4.2. Limitations & Future Research
Despite its strengths, the suggested framework carries several limitations. First, the quality of empirical results depends heavily on the granularity and frequency of input–output data, which remain coarse for many countries and sectors. Second, while the Koopman and DMD components offer a tractable way to approximate nonlinear dynamics, they require sufficiently rich time-series data and careful regularization to avoid overfitting. Third, the OT cost structure—while conceptually grounded—must be empirically calibrated, and different cost specifications may yield different rewiring paths. Finally, the cooperative game-theoretic analysis focuses on flow feasibility but does not explicitly incorporate strategic behavior, which may be relevant for geopolitical competition or pricing power.

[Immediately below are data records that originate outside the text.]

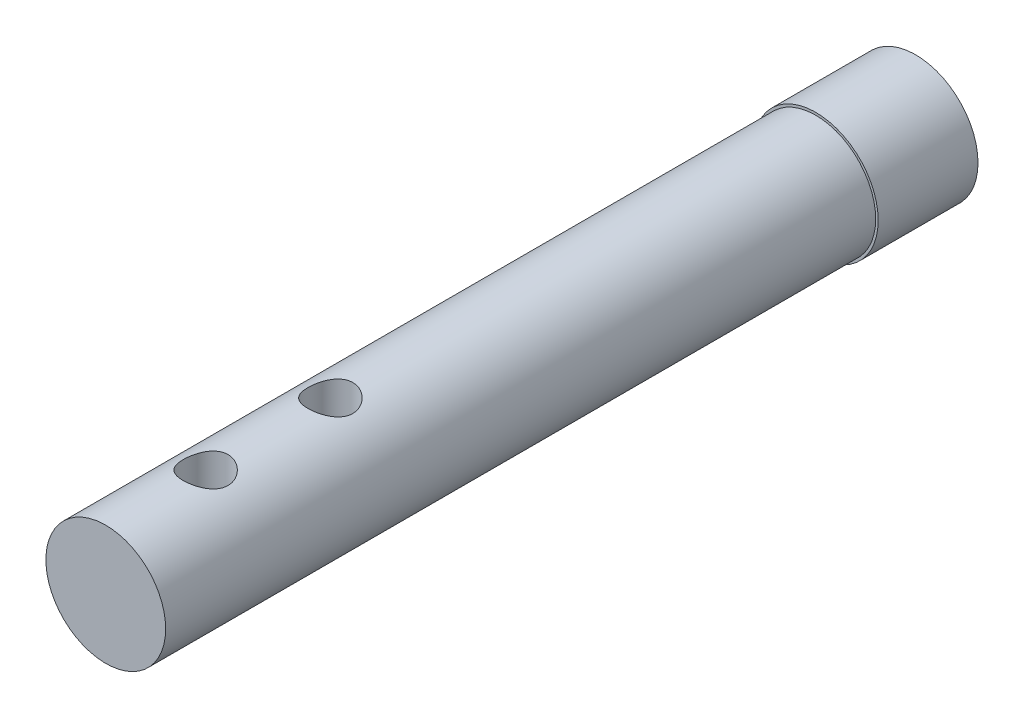
from build123d import *

# Parameters (mm, degrees)
SKETCH1_R               = 10
BOSS_EXTRUDE1_DEPTH     = 15
SKETCH2_R               = 12.5
BOSS_EXTRUDE2_DEPTH     = 20
SKETCH3_R               = 12
BOSS_EXTRUDE3_DEPTH     = 142.26
SKETCH4_R               = 4.5
CUT_EXTRUDE1_DEPTH      = 179.13929269
CUT_EXTRUDE2_DEPTH      = 179.139292789
CUT_EXTRUDE2_DEPTH_BACK = 179.139292789
SKETCH5_W               = 50.129657838
SKETCH5_H               = 19.874218845
LPATTERN1_COUNT         = 2
LPATTERN1_PITCH         = 25


with BuildPart() as part:
    # Sketch1 → Boss-Extrude1 (new body)
    with BuildSketch(Plane.XY):
        Circle(SKETCH1_R)
    extrude(amount=BOSS_EXTRUDE1_DEPTH)

    # Sketch2 → Boss-Extrude2 (add)
    with BuildSketch(Plane.XY.offset(15)):
        Circle(SKETCH2_R)
    extrude(amount=BOSS_EXTRUDE2_DEPTH)

    # Sketch3 → Boss-Extrude3 (add)
    with BuildSketch(Plane.XY.offset(35)):
        Circle(SKETCH3_R)
    extrude(amount=BOSS_EXTRUDE3_DEPTH)

    # Sketch4 → Cut-Extrude1 (cut, symmetric)
    with BuildSketch(Plane(origin=(0, 0, 0), x_dir=(1, 0, 0), z_dir=(0, 1, 0))):
        with Locations(Location((0, -157.26, 0), (0, 0, 270))):
            Circle(SKETCH4_R)
    cut_extrude1 = extrude(amount=CUT_EXTRUDE1_DEPTH, both=True, mode=Mode.SUBTRACT)

    # Sketch5 → Cut-Extrude2 (cut, two sides: drawn at the far end of the back side and taken through both)
    with BuildSketch(Plane(origin=(0, 0, 0), x_dir=(1, 0, 0), z_dir=(0, 1, 0)).offset(-CUT_EXTRUDE2_DEPTH_BACK)):
        with Locations((-12.564828919, -5.062890578)):
            Rectangle(SKETCH5_W, SKETCH5_H)
    extrude(amount=CUT_EXTRUDE2_DEPTH + CUT_EXTRUDE2_DEPTH_BACK, mode=Mode.SUBTRACT)

    # LPattern1: Cut-Extrude1 ×2
    with Locations(*[(0, 0, -i * LPATTERN1_PITCH) for i in range(1, LPATTERN1_COUNT)]):
        add(cut_extrude1, mode=Mode.SUBTRACT)


solid = part.part

Several avenues for future research naturally follow from this work. Empirically, the framework can be extended by incorporating firm-level input–output data, higher-frequency observations, and price dynamics, allowing for a more granular assessment of adjustment mechanisms. Methodologically, the integration of stochastic shocks, robust-control techniques, and model-uncertainty considerations would enhance the framework’s applicability to policy stress testing under deep uncertainty. Further extensions may also link the optimal-transport component to micro-founded models of supplier search, qualification, and matching, or embed the present approach within agent-based and hybrid simulation environments. These directions would preserve the analytical coherence of the framework while broadening its empirical scope and policy relevance.